"Run, sugarplum."
The words cut through the icy night, making my lips part as my jaw drops.
He continues. "Let's see how far you can get before I catch you."
Fear explodes into adrenaline. I don't give myself time to think, and I definitely don't question him. Irun.
My soaked slippers slip on snow and ice, but I push forward into the maze of Christmas trees. The lights blur past me in streaks of color. Branches catch at my tulle skirt, snagging the delicate fabric while cold air burns my lungs with every gasping breath.
Behind me, I hear him laugh.
The sound shouldn't be sexy. It should be horrifying—and itis—but there's something about the timber of his voice, the confidence in that dark chuckle, that sends an unwanted shiver down my spine.
And I hate that the shiver has nothing to do with how cold it is outside. What the hell is wrong with me?
I veer left, following a path marked by candy cane stakes. The eerie music follows me, or maybe it's playing from multiple speakers throughout the farm. The slowed-down waltz creates a nightmare soundtrack, each note echoing in my skull.
I risk a glance over my shoulder.
Nothing but shadows and twinkling lights. But I can still hear him. His boots on the snow. Steady. Patient. Like he has all the time in the world.
Because he does, doesn't he? We're in the middle of nowhere. There's no one here to help me. No cars, no houses visible beyond the trees, nothing but this magically terrifying winter landscape.
My bound hands make running difficult. I pump my arms, but the velvet rope restricts my movement, throwing off my balance. I nearly trip over an exposed root hidden beneath the snow and barely catch myself.
The path curves right, taking me deeper into the farm. The trees grow denser here, their branches heavy with snow. Lights wind through every trunk, every branch, creating a disorienting effect. Shadows dance and shift with the sway of the trees.
I duck beneath an archway made of candy canes—massive things, taller than me, twisted together to form a tunnel. Red and white stripes glow from within, backlit like they're made of colored glass. It's stunning. Artistic. Someone put a hell of a lot of thought into this design.
And that’s when realization dawns on me. He knows every path, every hiding spot, every dead end.
And I know nothing.
Panic threatens to overwhelm me, but I shove it down. I can't afford to freeze. I have to keep moving, have to find a way out, I have to?—
"I can hear you breathing, sugarplum."
His voice is closer now. So much closer.
I bite back a yelp and sprint forward, abandoning the path for the spaces between trees. Snow falls faster here, thick flakes that cling to my eyelashes and costume. My legs burn from the cold, the fishnets doing absolutely nothing to protect my skin. The rhinestones on my dress catch every stray beam of light, probably making me easily visible from fifty yards away.
I'm a walking beacon. A perfectly wrapped present just begging to be caught.

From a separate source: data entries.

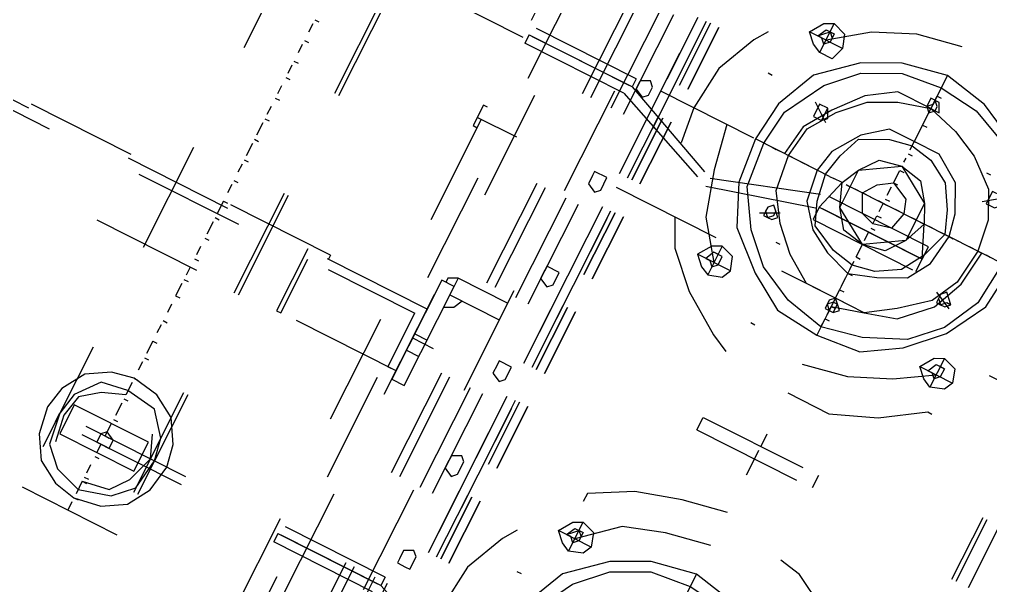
# Model space of a CAD drawing. Header units: metres. Extents: x 0 to 547597, y 0 to 1844684.
# Drawn here: x 543419.603 to 543420.474, y 1844513.393 to 1844513.9 of the extents above; entities that cross this region are included whole.
import ezdxf

# ---------------------------------------------------------------- set-up
doc = ezdxf.new("R2010")
doc.units = ezdxf.units.M
doc.linetypes.add('DASHED', pattern=[0.75, 0.5, -0.25])
doc.layers.add('5_Thep', color=4, linetype='Continuous')
doc.layers.add('TB220kVtuonglai', color=8, linetype='DASHED')

# ---------------------------------------------------------------- blocks, each defined once
blk = doc.blocks.new('MBA220-MB')
at = {"color": 1}
for points in [[(1553.99, -1091.1), (-2326.85, -1091.1), (-2326.85, 570.35)], [(53.73, -281.04), (53.73, -661.27)], [(743.93, -996.04), (743.93, -475.29), (-822.46, -475.29), (-822.46, -996.04), (743.93, -996.04)], [(743.93, -996.04), (743.93, -475.29), (-822.46, -475.29), (-822.46, -996.04), (743.93, -996.04)], [(231.45, -512.49), (169.45, -512.49)], [(231.45, -524.88), (169.45, -524.88)], [(231.45, -524.88), (169.45, -524.88)], [(231.45, -524.88), (169.45, -524.88)], [(231.45, -529.02), (169.45, -529.02)], [(231.45, -529.02), (169.45, -529.02)], [(367.83, -570.35), (343.03, -586.88), (309.97, -615.81), (289.31, -653.01), (285.17, -673.67)], [(24.8, -735.66), (90.92, -735.66), (86.79, -694.34), (66.13, -661.27), (37.2, -632.34), (0, -611.68), (-41.33, -607.54), (-78.53, -611.68), (-115.72, -632.34), (-144.65, -661.27), (-161.18, -694.34), (-169.45, -735.66), (-161.18, -776.99), (-144.65, -810.06), (-115.72, -843.12), (-78.53, -859.65), (-41.33, -863.79), (0, -859.65), (37.2, -843.12), (66.13, -810.06), (86.79, -776.99), (90.92, -735.66)], [(-41.33, -607.54), (-41.33, -673.67)], [(57.86, -624.08), (61.99, -611.68), (74.39, -607.54), (82.66, -611.68), (86.79, -624.08), (82.66, -632.34), (74.39, -640.61), (61.99, -632.34), (57.86, -624.08), (86.79, -624.08)], [(74.39, -640.61), (74.39, -607.54)], [(524.88, -735.66), (591.01, -735.66), (586.88, -694.34), (566.21, -661.27), (537.28, -632.34), (500.09, -611.68), (458.76, -607.54), (421.56, -611.68), (384.36, -632.34), (355.43, -661.27), (338.9, -694.34), (330.64, -735.66), (338.9, -776.99), (355.43, -810.06), (384.36, -843.12), (421.56, -859.65), (458.76, -863.79), (500.09, -859.65), (537.28, -843.12), (566.21, -810.06), (586.88, -776.99), (591.01, -735.66)], [(82.66, -735.66), (74.39, -772.86), (57.86, -805.92), (33.06, -830.72), (0, -851.39), (-41.33, -855.52), (-74.39, -851.39), (-111.59, -830.72), (-136.39, -805.92), (-152.92, -772.86), (-157.05, -735.66), (-152.92, -698.47), (-136.39, -661.27), (-111.59, -636.47), (-74.39, -619.94), (-41.33, -615.81), (0, -619.94), (33.06, -636.47), (57.86, -661.27), (74.39, -698.47), (82.66, -735.66)], [(148.79, -735.66), (148.79, -694.34), (132.25, -653.01), (107.46, -615.81), (107.46, -611.68)], [(582.75, -735.66), (574.48, -772.86), (557.95, -805.92), (533.15, -830.72), (500.09, -851.39), (458.76, -855.52), (425.69, -851.39), (388.5, -830.72), (363.7, -805.92), (347.17, -772.86), (343.03, -735.66), (347.17, -698.47), (363.7, -661.27), (388.5, -636.47), (425.69, -619.94), (458.76, -615.81), (500.09, -619.94), (533.15, -636.47), (557.95, -661.27), (574.48, -698.47), (582.75, -735.66)], [(66.13, -624.08), (66.13, -619.94), (74.39, -619.94), (74.39, -619.94), (78.53, -624.08), (74.39, -628.21), (74.39, -632.34), (66.13, -628.21), (66.13, -619.94), (74.39, -619.94), (78.53, -624.08), (74.39, -628.21), (74.39, -632.34), (66.13, -628.21), (66.13, -624.08)], [(119.86, -735.66), (111.59, -694.34), (95.06, -657.14), (74.39, -624.08)], [(-41.33, -628.21), (-41.33, -632.34)], [(53.73, -735.66), (53.73, -764.6), (37.2, -789.39), (16.53, -810.06), (-8.27, -826.59), (-41.33, -830.72), (-70.26, -826.59), (-95.06, -810.06), (-115.72, -789.39), (-128.12, -764.6), (-136.39, -735.66), (-128.12, -706.73), (-115.72, -681.94), (-95.06, -657.14), (-70.26, -644.74), (-41.33, -640.61), (-8.27, -644.74), (16.53, -657.14), (37.2, -681.94), (53.73, -706.73), (53.73, -735.66)], [(-82.66, -648.87), (-82.66, -644.74), (-86.79, -640.61), (-95.06, -644.74), (-95.06, -653.01), (-82.66, -653.01), (-82.66, -648.87)], [(-82.66, -648.87), (-82.66, -644.74), (-86.79, -640.61), (-95.06, -644.74), (-95.06, -653.01), (-86.79, -653.01), (-82.66, -653.01), (-82.66, -648.87)], [(-82.66, -657.14), (-95.06, -640.61)], [(-41.33, -640.61), (-41.33, -636.47)], [(61.99, -735.66), (53.73, -706.73), (45.46, -677.8), (20.66, -653.01), (-8.27, -640.61), (-41.33, -636.47)], [(-41.33, -640.61), (-41.33, -648.87)], [(16.53, -648.87), (16.53, -644.74), (12.4, -640.61), (8.27, -644.74), (4.13, -648.87), (8.27, -653.01), (16.53, -653.01), (16.53, -648.87), (12.4, -644.74), (12.4, -640.61), (8.27, -644.74), (4.13, -648.87), (8.27, -653.01), (12.4, -653.01), (12.4, -653.01), (16.53, -648.87)], [(8.27, -657.14), (16.53, -640.61)], [(-107.46, -665.4), (-107.46, -661.27)], [(-41.33, -653.01), (-41.33, -653.01)], [(-41.33, -657.14), (-41.33, -661.27)], [(28.93, -735.66), (20.66, -710.87), (8.27, -686.07), (-12.4, -673.67), (-41.33, -669.54), (-61.99, -673.67), (-86.79, -686.07), (-103.32, -710.87), (-103.32, -735.66), (-103.32, -760.46), (-86.79, -781.13), (-61.99, -797.66), (-41.33, -801.79), (-12.4, -797.66), (8.27, -781.13), (20.66, -760.46), (28.93, -735.66)], [(-41.33, -669.54), (-41.33, -665.4)], [(-41.33, -665.4), (-41.33, -958.84)], [(20.66, -735.66), (16.53, -756.33), (4.13, -781.13), (-16.53, -789.39), (-41.33, -793.53), (-61.99, -789.39), (-82.66, -781.13), (-95.06, -756.33), (-99.19, -735.66), (-95.06, -715), (-82.66, -694.34), (-61.99, -681.94), (-41.33, -673.67), (-16.53, -681.94), (4.13, -694.34), (16.53, -715), (20.66, -735.66)], [(-41.33, -673.67), (-41.33, -677.8)], [(214.91, -793.53), (202.51, -793.53), (202.51, -677.8), (214.91, -677.8)], [(214.91, -793.53), (214.91, -677.8)], [(-41.33, -681.94), (-41.33, -681.94)], [(-12.4, -681.94), (-41.33, -694.34)], [(-41.33, -776.99), (-12.4, -785.26), (-12.4, -681.94)], [(-41.33, -686.07), (-41.33, -694.34)], [(-24.8, -681.94), (-24.8, -785.26)], [(-12.4, -681.94), (-24.8, -681.94)], [(-12.4, -785.26), (0, -785.26), (0, -681.94), (-12.4, -681.94)], [(-12.4, -681.94), (-12.4, -785.26)], [(0, -785.26), (0, -681.94)], [(0, -735.66), (-4.13, -756.33), (-20.66, -768.73), (-41.33, -776.99), (-57.86, -768.73), (-74.39, -756.33), (-78.53, -735.66), (-74.39, -715), (-57.86, -702.6), (-41.33, -694.34), (-20.66, -702.6), (-4.13, -715), (0, -735.66)], [(-41.33, -698.47), (-41.33, -694.34)], [(-57.86, -702.6), (-20.66, -702.6), (0, -735.66), (-20.66, -768.73), (-57.86, -768.73), (-78.53, -735.66), (-57.86, -702.6)], [(-41.33, -702.6), (-41.33, -706.73)], [(-41.33, -715), (-41.33, -710.87)], [(-20.66, -735.66), (-24.8, -748.06), (-41.33, -756.33), (-53.73, -748.06), (-61.99, -735.66), (-53.73, -719.13), (-41.33, -715), (-24.8, -719.13), (-20.66, -735.66)], [(-41.33, -715), (-41.33, -723.27)], [(-132.25, -735.66), (-136.39, -731.53), (-136.39, -727.4), (-144.65, -731.53), (-144.65, -739.8), (-136.39, -739.8), (-132.25, -735.66)], [(-41.33, -727.4), (-41.33, -727.4)], [(66.13, -735.66), (66.13, -731.53), (61.99, -727.4), (57.86, -731.53), (53.73, -735.66), (57.86, -739.8), (66.13, -739.8), (66.13, -735.66), (66.13, -731.53), (57.86, -731.53), (53.73, -735.66), (57.86, -735.66), (61.99, -739.8), (66.13, -735.66), (66.13, -735.66)], [(53.73, -727.4), (53.73, -789.39)], [(-198.38, -735.66), (-190.12, -776.99), (-173.58, -814.19), (-148.79, -847.25)], [(-169.45, -735.66), (-103.32, -735.66)], [(-157.05, -735.66), (-157.05, -735.66)], [(-148.79, -735.66), (-148.79, -731.53)], [(-140.52, -735.66), (-148.79, -735.66)], [(-128.12, -735.66), (-148.79, -735.66)], [(-136.39, -735.66), (-136.39, -731.53), (-140.52, -731.53), (-144.65, -735.66), (-140.52, -735.66), (-136.39, -739.8), (-136.39, -735.66), (-136.39, -735.66)], [(-136.39, -735.66), (-136.39, -731.53)], [(-136.39, -735.66), (-136.39, -768.73), (-119.86, -793.53), (-95.06, -814.19), (-70.26, -830.72), (-41.33, -834.86)], [(-128.12, -735.66), (-132.25, -735.66)], [(-119.86, -735.66), (-119.86, -731.53)], [(-111.59, -735.66), (-115.72, -735.66)], [(-103.32, -735.66), (-103.32, -731.53)], [(-95.06, -735.66), (-103.32, -735.66)], [(-90.92, -735.66), (-90.92, -731.53)], [(-82.66, -735.66), (-86.79, -735.66)], [(-74.39, -735.66), (-74.39, -731.53)], [(-61.99, -735.66), (-74.39, -735.66)], [(-61.99, -735.66), (-61.99, -731.53)], [(-49.6, -735.66), (-57.86, -735.66)], [(-45.46, -735.66), (-45.46, -731.53)], [(-41.33, -731.53), (-41.33, -739.8)], [(-41.33, -735.66), (-41.33, -731.53)], [(-41.33, -735.66), (-41.33, -731.53)], [(-33.06, -735.66), (-41.33, -735.66)], [(-41.33, -743.93), (-41.33, -739.8)], [(-28.93, -735.66), (-28.93, -731.53)], [(-20.66, -735.66), (-28.93, -735.66)], [(-16.53, -735.66), (-16.53, -731.53)], [(-4.13, -735.66), (-12.4, -735.66)], [(0, -735.66), (0, -731.53)], [(12.4, -735.66), (0, -735.66)], [(12.4, -735.66), (12.4, -731.53)], [(24.8, -735.66), (16.53, -735.66)], [(28.93, -735.66), (28.93, -731.53)], [(41.33, -735.66), (33.06, -735.66)], [(45.46, -735.66), (45.46, -731.53)], [(53.73, -735.66), (45.46, -735.66)], [(53.73, -735.66), (70.26, -735.66)], [(57.86, -735.66), (57.86, -731.53)], [(61.99, -735.66), (61.99, -731.53)], [(70.26, -735.66), (61.99, -735.66)], [(74.39, -735.66), (74.39, -731.53)], [(82.66, -735.66), (74.39, -735.66)], [(148.79, -735.66), (148.79, -731.53)], [(190.12, -735.66), (202.51, -735.66)], [(206.65, -735.66), (214.91, -735.66)], [(214.91, -735.66), (231.45, -735.66)], [(268.64, -735.66), (276.91, -776.99), (289.31, -818.32), (309.97, -855.52), (318.24, -855.52)], [(301.71, -735.66), (309.97, -776.99), (322.37, -814.19), (351.3, -847.25)], [(330.64, -735.66), (396.76, -735.66)], [(-41.33, -748.06), (-41.33, -756.33)], [(-41.33, -756.33), (-41.33, -756.33)], [(-41.33, -760.46), (-41.33, -768.73)], [(-41.33, -772.86), (-41.33, -768.73)], [(-41.33, -776.99), (-41.33, -785.26)], [(16.53, -884.45), (-12.4, -781.13)], [(-41.33, -789.39), (-41.33, -785.26)], [(-41.33, -789.39), (-41.33, -801.79)], [(8.27, -884.45), (-24.8, -785.26)], [(107.46, -793.53), (107.46, -789.39)], [(-41.33, -801.79), (-41.33, -801.79)], [(-41.33, -801.79), (-41.33, -863.79)], [(-41.33, -805.92), (-41.33, -814.19)], [(33.06, -805.92), (33.06, -801.79)], [(53.73, -896.85), (78.53, -884.45), (107.46, -855.52), (132.25, -818.32), (140.52, -801.79)], [(-82.66, -822.46), (-82.66, -818.32), (-86.79, -814.19), (-95.06, -818.32), (-95.06, -826.59), (-82.66, -826.59), (-82.66, -822.46)], [(-82.66, -814.19), (-95.06, -830.72)], [(-82.66, -822.46), (-82.66, -818.32), (-95.06, -818.32), (-95.06, -826.59), (-82.66, -826.59), (-82.66, -822.46)], [(-41.33, -818.32), (-41.33, -814.19)], [(16.53, -822.46), (16.53, -818.32), (12.4, -814.19), (8.27, -818.32), (4.13, -822.46), (8.27, -826.59), (16.53, -826.59), (16.53, -822.46), (12.4, -818.32), (8.27, -818.32), (4.13, -822.46), (8.27, -826.59), (12.4, -826.59), (16.53, -822.46)], [(8.27, -814.19), (16.53, -830.72)], [(-41.33, -822.46), (-41.33, -830.72)], [(-136.39, -847.25), (-140.52, -855.52), (-148.79, -863.79), (-161.18, -855.52), (-165.32, -847.25), (-161.18, -834.86), (-148.79, -830.72), (-136.39, -834.86), (-136.39, -847.25), (-165.32, -847.25)], [(-148.79, -830.72), (-148.79, -863.79)], [(-41.33, -830.72), (-41.33, -830.72)], [(-41.33, -834.86), (-41.33, -843.12)], [(57.86, -847.25), (61.99, -855.52), (74.39, -863.79), (82.66, -855.52), (86.79, -847.25), (82.66, -834.86), (74.39, -830.72), (61.99, -834.86), (57.86, -847.25), (86.79, -847.25)], [(74.39, -830.72), (74.39, -863.79)], [(363.7, -847.25), (359.57, -855.52), (351.3, -863.79), (338.9, -855.52), (334.77, -847.25), (338.9, -834.86), (351.3, -830.72), (359.57, -834.86), (363.7, -847.25), (334.77, -847.25)], [(351.3, -830.72), (351.3, -863.79)], [(-144.65, -847.25), (-148.79, -851.39), (-148.79, -855.52), (-152.92, -851.39), (-157.05, -847.25), (-152.92, -843.12), (-148.79, -843.12), (-144.65, -847.25), (-148.79, -851.39), (-148.79, -855.52), (-157.05, -851.39), (-157.05, -843.12), (-148.79, -843.12), (-144.65, -847.25)], [(-41.33, -847.25), (-41.33, -843.12)], [(66.13, -847.25), (66.13, -851.39), (74.39, -855.52), (74.39, -851.39), (78.53, -847.25), (74.39, -843.12), (66.13, -843.12), (66.13, -851.39), (74.39, -855.52), (74.39, -851.39), (78.53, -847.25), (74.39, -843.12), (66.13, -843.12), (66.13, -847.25)], [(355.43, -847.25), (351.3, -851.39), (351.3, -855.52), (347.17, -851.39), (343.03, -847.25), (347.17, -843.12), (351.3, -843.12), (355.43, -847.25), (351.3, -851.39), (351.3, -855.52), (343.03, -851.39), (343.03, -843.12), (351.3, -843.12), (355.43, -847.25)], [(-41.33, -892.72), (0, -884.45), (41.33, -872.05), (74.39, -847.25)], [(-41.33, -851.39), (-41.33, -855.52)], [(53.73, -855.52), (53.73, -1095.23)], [(-99.19, -880.32), (-99.19, -876.18)], [(400.9, -880.32), (400.9, -876.18)], [(-33.06, -1086.97), (-33.06, -983.64), (8.27, -884.45)], [(-24.8, -987.77), (16.53, -884.45)], [(467.02, -1086.97), (467.02, -983.64), (504.22, -884.45)], [(-132.25, -896.85), (-119.86, -905.12), (-82.66, -921.65), (-41.33, -925.78), (-8.27, -921.65)], [(367.83, -896.85), (380.23, -905.12), (417.43, -921.65), (458.76, -925.78), (491.82, -921.65)], [(-115.72, -938.18), (-53.73, -938.18)], [(-53.73, -938.18), (-115.72, -938.18)], [(-20.66, -938.18), (41.33, -938.18)], [(41.33, -938.18), (-20.66, -938.18)], [(74.39, -938.18), (136.39, -938.18)], [(136.39, -938.18), (74.39, -938.18)], [(169.45, -938.18), (231.45, -938.18)], [(231.45, -938.18), (169.45, -938.18)], [(264.51, -938.18), (326.5, -938.18)], [(326.5, -938.18), (264.51, -938.18)], [(359.57, -938.18), (421.56, -938.18)], [(421.56, -938.18), (359.57, -938.18)], [(-115.72, -946.45), (-53.73, -946.45)], [(-53.73, -946.45), (-115.72, -946.45)], [(-20.66, -946.45), (41.33, -946.45)], [(41.33, -946.45), (-20.66, -946.45)], [(74.39, -946.45), (136.39, -946.45)], [(136.39, -946.45), (74.39, -946.45)], [(169.45, -946.45), (231.45, -946.45)], [(231.45, -946.45), (169.45, -946.45)], [(264.51, -946.45), (326.5, -946.45)], [(326.5, -946.45), (264.51, -946.45)], [(359.57, -946.45), (421.56, -946.45)], [(421.56, -946.45), (359.57, -946.45)], [(-53.73, -950.58), (-115.72, -950.58)], [(-107.46, -950.58), (20.66, -950.58)], [(41.33, -950.58), (-20.66, -950.58)], [(136.39, -950.58), (74.39, -950.58)], [(82.66, -950.58), (210.78, -950.58)], [(231.45, -950.58), (169.45, -950.58)], [(326.5, -950.58), (264.51, -950.58)], [(272.77, -950.58), (400.9, -950.58)], [(421.56, -950.58), (359.57, -950.58)], [(-53.73, -958.84), (-115.72, -958.84)], [(20.66, -958.84), (-107.46, -958.84)], [(41.33, -958.84), (-20.66, -958.84)], [(136.39, -958.84), (74.39, -958.84)], [(210.78, -958.84), (82.66, -958.84)], [(231.45, -958.84), (169.45, -958.84)], [(326.5, -958.84), (264.51, -958.84)], [(400.9, -958.84), (272.77, -958.84)], [(421.56, -958.84), (359.57, -958.84)], [(-28.93, -971.24), (-33.06, -967.11), (-41.33, -967.11), (-45.46, -971.24), (-41.33, -979.51), (-41.33, -979.51), (-33.06, -979.51), (-28.93, -971.24)], [(66.13, -971.24), (61.99, -967.11), (49.6, -967.11), (49.6, -979.51), (53.73, -979.51), (61.99, -979.51), (66.13, -971.24)], [(161.18, -971.24), (157.05, -967.11), (144.65, -967.11), (144.65, -979.51), (148.79, -979.51), (157.05, -979.51), (161.18, -971.24)], [(256.24, -971.24), (252.11, -967.11), (239.71, -967.11), (239.71, -979.51), (243.84, -979.51), (252.11, -979.51), (256.24, -971.24)], [(351.3, -971.24), (347.17, -967.11), (334.77, -967.11), (330.64, -971.24), (334.77, -979.51), (343.03, -979.51), (347.17, -979.51), (351.3, -971.24)], [(442.23, -971.24), (442.23, -967.11), (429.83, -967.11), (425.69, -971.24), (429.83, -979.51), (438.09, -979.51), (442.23, -979.51), (442.23, -971.24)], [(-107.46, -979.51), (20.66, -979.51)], [(-41.33, -983.64), (-33.06, -983.64)], [(-41.33, -983.64), (-41.33, -2107.8)], [(-33.06, -983.64), (-33.06, -2107.8)], [(82.66, -979.51), (210.78, -979.51)], [(272.77, -979.51), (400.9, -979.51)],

Heat pools low in my belly as I wait for his low voice again, and I hate myself for it.
I need to hide.
Ahead, through the curtain of snow and lights, I spot a gingerbread house. Not a decoration—a full-sized building made to look like one. Brown walls with white icing details, gumdrop accents the size of basketballs, a roof that looks frosted. Lights outline every edge.
It's absurd and right now, it's my only option.
I stumble around the side and press myself against the wall. The surface is cold painted wood textured to look like gingerbread. My heart pounds so hard I swear he must be able to hear it.
I strain to listen past the blood rushing in my ears, past the distorted music. For a moment, there's nothing. Just the soft whisper of falling snow and my own labored breathing.
Then—footsteps.
Slow and deliberate, coming from somewhere to my left.